Its here. We've been holding off in my part of the world with a lengthy autumn.
Friday night we drove my convertible roadster to dinner for probably the last time. Yesterday and today, snow. Ice pellets are hitting my windows here in the dark right now.
I'm by the stove surrounded by contented pets. I'm writing. It's how I'll spend the winter evenings when I'm not in the library or tying trout flies.
At left, my entirely too bear-like paws on the keyboard.
I've a story which I'v been chasing for a bit. I didn't know until this morning that I'd been chasing the wrong conflict.
Years ago, Ms. June Sutley taught a crew of belligerent and unruly baboons about point of view, conflict, the three act structure of storytelling, and the Chekhov rules of screenwriting.
What I didn't learn then but know too well now was that in writing the story, the conflict which emerges isn't always that which the writer intended when he scrawled those opening sentences. Thus, it happened to me this morning. I had intended for one conflict to be the dominant driver yet it is entirely a different conflict which makes the story work.
If I'd forced the next draft the way I'd intended when I first jotted my notes on the story, I'd have lost what makes the story work.

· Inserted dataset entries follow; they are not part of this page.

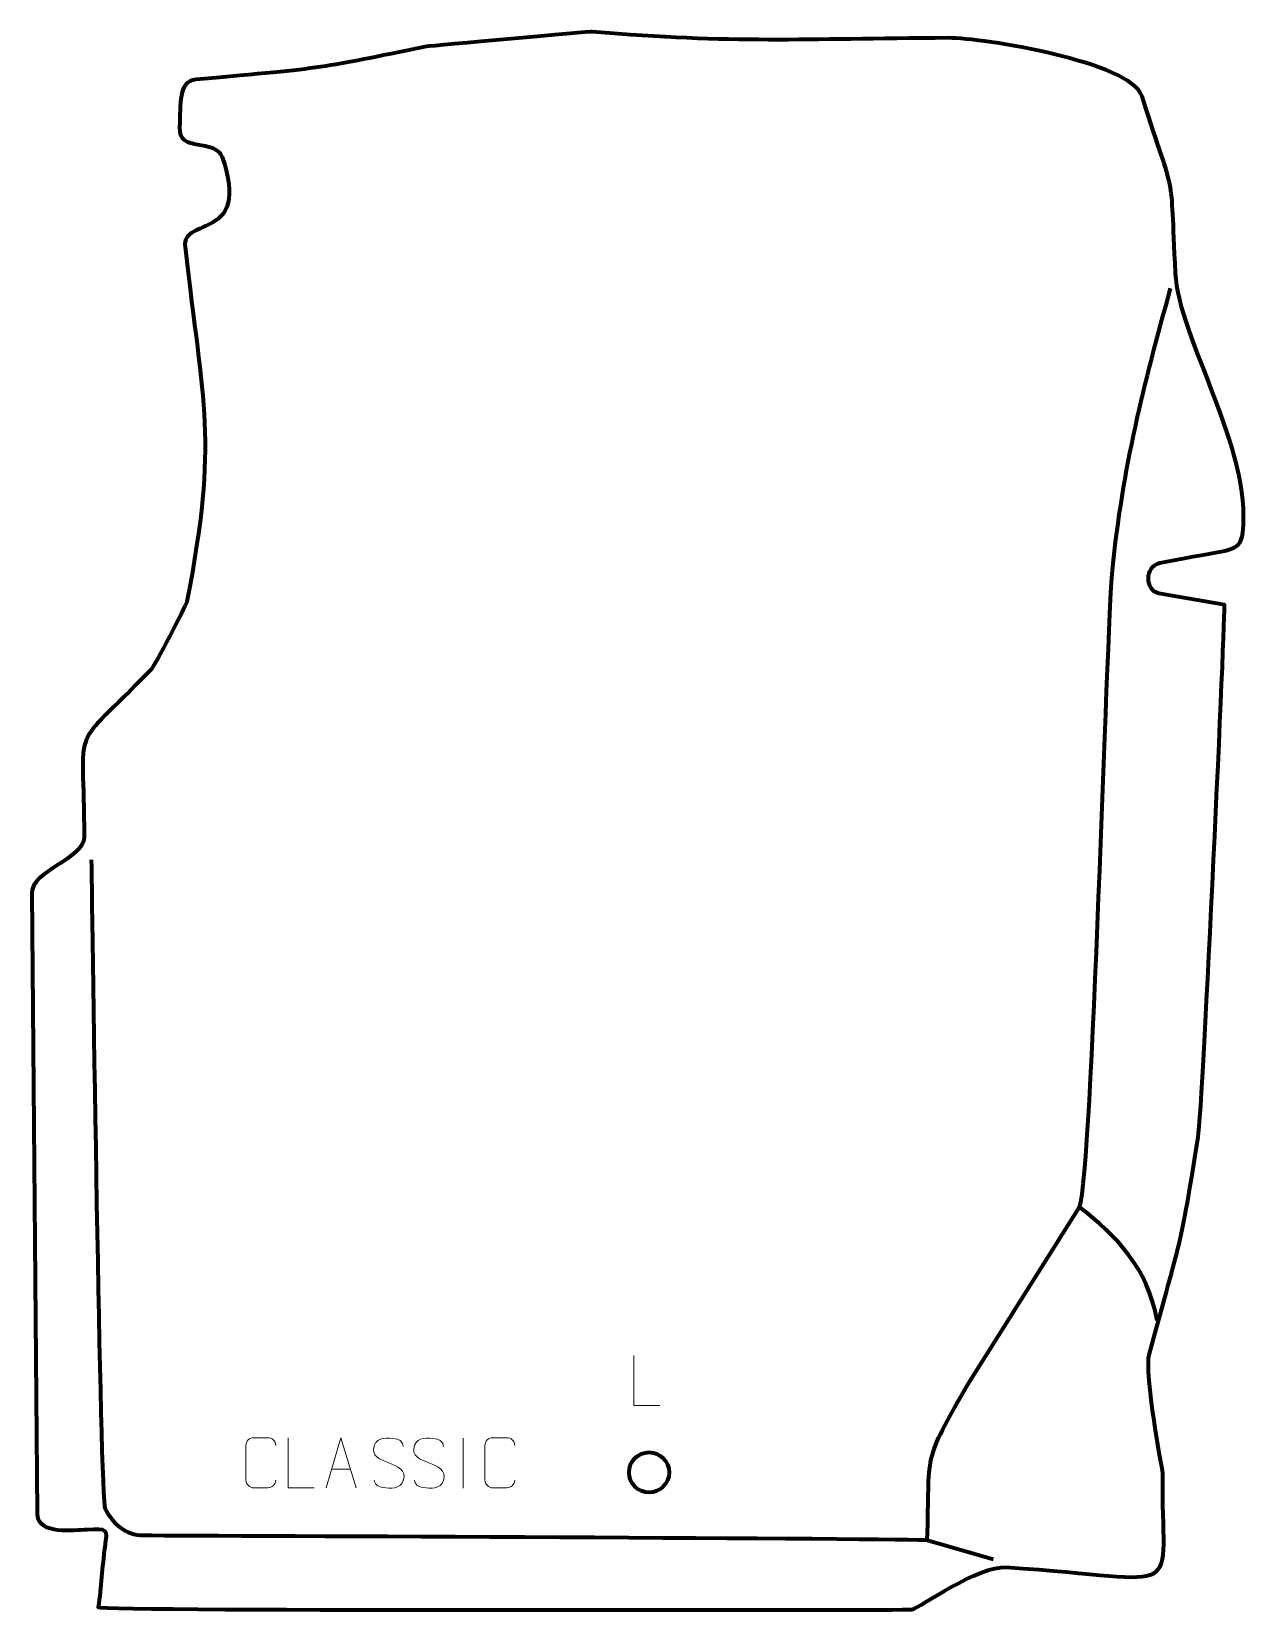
# Model space of a CAD drawing. Header units: millimetres. Extents: x 1274 to 1882, y -42 to 745.
import ezdxf

# ---------------------------------------------------------------- set-up
doc = ezdxf.new("R2010")
doc.units = ezdxf.units.MM
doc.header["$MEASUREMENT"] = 0
doc.layers.add('layer 1', color=7, linetype='Continuous')
doc.layers.add('layer 2', color=7, linetype='Continuous')

msp = doc.modelspace()

# ---------------------------------------------------------------- linework, layer by layer
at = {"layer": 'layer 1', "color": 250, "lineweight": 200}
msp.add_ellipse((1581.2138, 27.3906), major_axis=(0, 10), ratio=1, dxfattribs=at)
at = {"layer": 'layer 1', "color": 242, "lineweight": 158}
msp.add_open_spline([(1355.6631, 720.8669), (1422.0055, 726.6362), (1416.5903, 726.4414), (1470.4224, 737.206), (1470.4224, 737.206), (1473.0142, 737.7243), (1552.2618, 744.7042), (1553.038, 744.6375), (1553.038, 744.6375), (1623.2312, 738.603), (1657.2545, 741.1311), (1730.333, 741.5204), (1730.333, 741.5204), (1747.2035, 741.6103), (1821.214, 729.7043), (1826.6703, 712.4673), (1826.6703, 712.4673), (1843.9339, 657.9302), (1840.6066, 679.5784), (1843.3349, 624.5105), (1843.3349, 624.5105), (1844.9496, 591.9202), (1881.6088, 537.016), (1876.785, 495.2035), (1876.785, 495.2035), (1875.5578, 484.5661), (1869.7352, 487.3769), (1835.4844, 480.1758), (1835.4844, 480.1758), (1827.8621, 478.5733), (1828.2066, 466.2355), (1834.9961, 465.0336), (1834.9961, 465.0336), (1834.9961, 465.0336), (1867.7134, 459.2414), (1867.7134, 459.2414), (1867.7134, 459.2414), (1868.4019, 459.1195), (1856.9366, 209.033), (1854.5977, 194.2964), (1854.5977, 194.2964), (1845.4316, 136.5442), (1846.5556, 146.3947), (1830.3215, 86.6493), (1830.3215, 86.6493), (1827.6068, 76.6586), (1837.015, 27.4072), (1837.0147, 27.3818), (1837.0147, 27.3818), (1836.1433, -37.8933), (1851.2688, -25.6541), (1759.1944, -19.8468), (1759.1944, -19.8468), (1745.0098, -18.9522), (1716.0548, -39.8699), (1711.9658, -40.9383), (1711.9658, -40.9383), (1711.9658, -40.9383), (1306.6242, -41.8202), (1306.977, -39.7035), (1306.977, -39.7035), (1308.3769, -29.9202), (1308.8127, -19.7265), (1310.2298, -9.7674), (1310.2298, -9.7674), (1311.5436, -0.5339), (1311.3881, -0.3843), (1301.4131, -0.9642), (1301.4131, -0.9642), (1294.7656, -1.3507), (1277.1437, -3.5403), (1276.6117, 6.2361), (1276.6117, 6.2361), (1276.6117, 6.2361), (1276.5684, 7.0318), (1276.5684, 7.0318), (1276.5684, 7.0318), (1276.5684, 7.0318), (1273.8513, 316.0639), (1273.8513, 316.0639), (1273.8513, 316.0639), (1273.7591, 326.5489), (1299.9212, 333.1076), (1299.9212, 343.5541), (1299.9212, 343.5541), (1299.9212, 403.9183), (1291.4185, 384.0816), (1333.1567, 426.8985), (1333.1567, 426.8985), (1334.6615, 428.4422), (1350.72, 458.9062), (1351.1224, 460.9985), (1351.1224, 460.9985), (1366.7954, 542.4938), (1359.0846, 557.5984), (1350.1957, 637.5967), (1350.1957, 637.5967), (1348.4986, 652.8699), (1383.1576, 640.0259), (1368.6839, 682.1321), (1368.6839, 682.1321), (1365.2704, 692.0626), (1346.6558, 684.0141), (1347.4262, 697.1927), (1347.4262, 697.1927), (1348.0819, 708.4101), (1346.4419, 720.0629), (1355.6631, 720.8669)], degree=3, knots=[0, 0, 0, 0, 0.03571429, 0.03571429, 0.03571429, 0.03571429, 0.07142857, 0.07142857, 0.07142857, 0.07142857, 0.10714286, 0.10714286, 0.10714286, 0.10714286, 0.14285714, 0.14285714, 0.14285714, 0.14285714, 0.17857143, 0.17857143, 0.17857143, 0.17857143, 0.21428571, 0.21428571, 0.21428571, 0.21428571, 0.25, 0.25, 0.25, 0.25, 0.28571429, 0.28571429, 0.28571429, 0.28571429, 0.32142857, 0.32142857, 0.32142857, 0.32142857, 0.35714286, 0.35714286, 0.35714286, 0.35714286, 0.39285714, 0.39285714, 0.39285714, 0.39285714, 0.42857143, 0.42857143, 0.42857143, 0.42857143, 0.46428571, 0.46428571, 0.46428571, 0.46428571, 0.5, 0.5, 0.5, 0.5, 0.53571429, 0.53571429, 0.53571429, 0.53571429, 0.57142857, 0.57142857, 0.57142857, 0.57142857, 0.60714286, 0.60714286, 0.60714286, 0.60714286, 0.64285714, 0.64285714, 0.64285714, 0.64285714, 0.67857143, 0.67857143, 0.67857143, 0.67857143, 0.71428571, 0.71428571, 0.71428571, 0.71428571, 0.75, 0.75, 0.75, 0.75, 0.78571429, 0.78571429, 0.78571429, 0.78571429, 0.82142857, 0.82142857, 0.82142857, 0.82142857, 0.85714286, 0.85714286, 0.85714286, 0.85714286, 0.89285714, 0.89285714, 0.89285714, 0.89285714, 0.92857143, 0.92857143, 0.92857143, 0.92857143, 1, 1, 1, 1], dxfattribs=at)
at = {"layer": 'layer 2', "color": 142, "lineweight": 158}
for points in [[(1719.7445, -6.3276), (1721.2196, 38.0738), (1716.7334, 31.0789), (1740.1879, 71.5974), (1740.1879, 71.5974), (1740.1879, 71.5974), (1795.5741, 159.4391), (1795.5741, 159.4391), (1795.5741, 159.4391), (1802.0257, 178.7124), (1808.9459, 445.3746), (1811.9779, 476.5864), (1811.9779, 476.5864), (1816.918, 527.4399), (1827.6351, 569.1024), (1840.9057, 616.992)], [(1303.449, 332.3001), (1304.03, 301.1644), (1307.7764, 14.0362), (1310.3569, 9.2192), (1310.3569, 9.2192), (1314.312, 1.8362), (1320.3447, -3.855), (1329.5478, -3.905), (1329.5478, -3.905), (1364.9635, -4.0972), (1716.6262, -5.4182), (1719.7445, -6.3276), (1719.7445, -6.3276), (1719.7445, -6.3276), (1752.5353, -15.8916), (1752.5353, -15.8916)]]:
    msp.add_open_spline(points, degree=3, knots=[0, 0, 0, 0, 0.2, 0.2, 0.2, 0.2, 0.4, 0.4, 0.4, 0.4, 0.6, 0.6, 0.6, 0.6, 1, 1, 1, 1], dxfattribs=at)
msp.add_open_spline([(1834.2027, 102.9944), (1829.4298, 129.2471), (1813.8191, 145.3287), (1795.5741, 159.4391)], degree=3, dxfattribs=at)
at = {"layer": 'layer 2', "color": 250, "lineweight": 9}
for points, knots in [([(1586.5004, 60.6491), (1586.5004, 60.6491), (1573.5513, 60.6491), (1573.5513, 60.6491), (1573.5513, 60.6491), (1573.5513, 60.6491), (1573.5513, 85.6027), (1573.5513, 85.6027)], [0, 0, 0, 0, 0.33333333, 0.33333333, 0.33333333, 0.33333333, 1, 1, 1, 1]), ([(1395.3316, 23.5372), (1395.1918, 21.2138), (1393.5146, 19.7342), (1391.3669, 19.7234), (1391.3669, 19.7234), (1389.035, 19.7238), (1386.7031, 19.7238), (1384.3716, 19.7234), (1384.3716, 19.7234), (1382.4466, 19.618), (1380.4745, 21.5025), (1380.4857, 23.5198), (1380.4857, 23.5198), (1380.4861, 29.2899), (1380.4861, 35.0596), (1380.4857, 40.8289), (1380.4857, 40.8289), (1380.4899, 42.967), (1382.2366, 44.6862), (1384.389, 44.6727), (1384.389, 44.6727), (1386.7147, 44.6727), (1389.0408, 44.6727), (1391.3669, 44.6727), (1391.3669, 44.6727), (1393.3135, 44.7082), (1395.3049, 43.2167), (1395.3316, 40.7791)], [0, 0, 0, 0, 0.125, 0.125, 0.125, 0.125, 0.25, 0.25, 0.25, 0.25, 0.375, 0.375, 0.375, 0.375, 0.5, 0.5, 0.5, 0.5, 0.625, 0.625, 0.625, 0.625, 0.75, 0.75, 0.75, 0.75, 1, 1, 1, 1]), ([(1414.3831, 19.7194), (1414.3831, 19.7194), (1401.434, 19.7194), (1401.434, 19.7194), (1401.434, 19.7194), (1401.434, 19.7194), (1401.434, 44.673), (1401.434, 44.673)], [0, 0, 0, 0, 0.33333333, 0.33333333, 0.33333333, 0.33333333, 1, 1, 1, 1]), ([(1420.4381, 19.7195), (1420.4381, 19.7195), (1427.8091, 44.673), (1427.8091, 44.673), (1427.8091, 44.673), (1427.8091, 44.673), (1435.379, 19.7195), (1435.379, 19.7195)], [0, 0, 0, 0, 0.33333333, 0.33333333, 0.33333333, 0.33333333, 1, 1, 1, 1]), ([(1451.5941, 32.1962), (1447.3458, 33.6666), (1442.4377, 35.4624), (1444.4428, 40.9827), (1444.4428, 40.9827), (1445.9463, 45.1226), (1451.1599, 44.7341), (1454.7635, 44.133), (1454.7635, 44.133), (1457.6241, 43.6558), (1458.4888, 42.4426), (1458.7994, 40.3585)], [0, 0, 0, 0, 0.25, 0.25, 0.25, 0.25, 0.5, 0.5, 0.5, 0.5, 1, 1, 1, 1]), ([(1471.5941, 32.1962), (1467.3458, 33.6666), (1462.4377, 35.4624), (1464.4428, 40.9827), (1464.4428, 40.9827), (1465.9463, 45.1226), (1471.1599, 44.7341), (1474.7635, 44.133), (1474.7635, 44.133), (1477.6241, 43.6558), (1478.4888, 42.4426), (1478.7994, 40.3585)], [0, 0, 0, 0, 0.25, 0.25, 0.25, 0.25, 0.5, 0.5, 0.5, 0.5, 1, 1, 1, 1]), ([(1514.3316, 23.5372), (1514.1918, 21.2138), (1512.5146, 19.7342), (1510.3669, 19.7234), (1510.3669, 19.7234), (1508.035, 19.7238), (1505.7031, 19.7238), (1503.3716, 19.7234), (1503.3716, 19.7234), (1501.4466, 19.618), (1499.4745, 21.5025), (1499.4857, 23.5198), (1499.4857, 23.5198), (1499.4861, 29.2899), (1499.4861, 35.0596), (1499.4857, 40.8289), (1499.4857, 40.8289), (1499.4899, 42.967), (1501.2366, 44.6862), (1503.389, 44.6727), (1503.389, 44.6727), (1505.7147, 44.6727), (1508.0408, 44.6727), (1510.3669, 44.6727), (1510.3669, 44.6727), (1512.3135, 44.7082), (1514.3049, 43.2167), (1514.3316, 40.7791)], [0, 0, 0, 0, 0.125, 0.125, 0.125, 0.125, 0.25, 0.25, 0.25, 0.25, 0.375, 0.375, 0.375, 0.375, 0.5, 0.5, 0.5, 0.5, 0.625, 0.625, 0.625, 0.625, 0.75, 0.75, 0.75, 0.75, 1, 1, 1, 1]), ([(1451.5941, 32.1961), (1455.6127, 30.5494), (1460.6422, 28.6611), (1458.8082, 23.3008), (1458.8082, 23.3008), (1457.3484, 19.0344), (1452.4376, 19.2911), (1448.7115, 19.8458), (1448.7115, 19.8458), (1445.9615, 20.2556), (1444.7406, 21.4691), (1444.3626, 23.5813)], [0, 0, 0, 0, 0.25, 0.25, 0.25, 0.25, 0.5, 0.5, 0.5, 0.5, 1, 1, 1, 1]), ([(1471.5941, 32.1961), (1475.6127, 30.5494), (1480.6422, 28.6611), (1478.8082, 23.3008), (1478.8082, 23.3008), (1477.3484, 19.0344), (1472.4376, 19.2911), (1468.7115, 19.8458), (1468.7115, 19.8458), (1465.9615, 20.2556), (1464.7406, 21.4691), (1464.3626, 23.5813)], [0, 0, 0, 0, 0.25, 0.25, 0.25, 0.25, 0.5, 0.5, 0.5, 0.5, 1, 1, 1, 1])]:
    msp.add_open_spline(points, degree=3, knots=knots, dxfattribs=at)
for points in [[(1488.5887, 44.5094), (1488.5887, 44.5094), (1488.5887, 19.5353), (1488.5887, 19.5353)], [(1423.1607, 28.9689), (1423.1607, 28.9689), (1432.6564, 28.9689), (1432.6564, 28.9689)]]:
    msp.add_open_spline(points, degree=3, dxfattribs=at)

doc.saveas('drawing.dxf')

I've got a couple bodies. I've got danger and intrigue. I've got an uncertain resolution.
I've also got a protagonist unlucky in love and and entirely too willing to walk into the dragon's den to find it.
Isn't that the way of it? Don't we like characters who knowingly act against the very advice they'd offer another character in a heartbeat? Of course we do -- when there's good cause.
My protagonist is a sucker for a dangerous woman. That last part -- a dangerous woman -- is always a pretty good cause.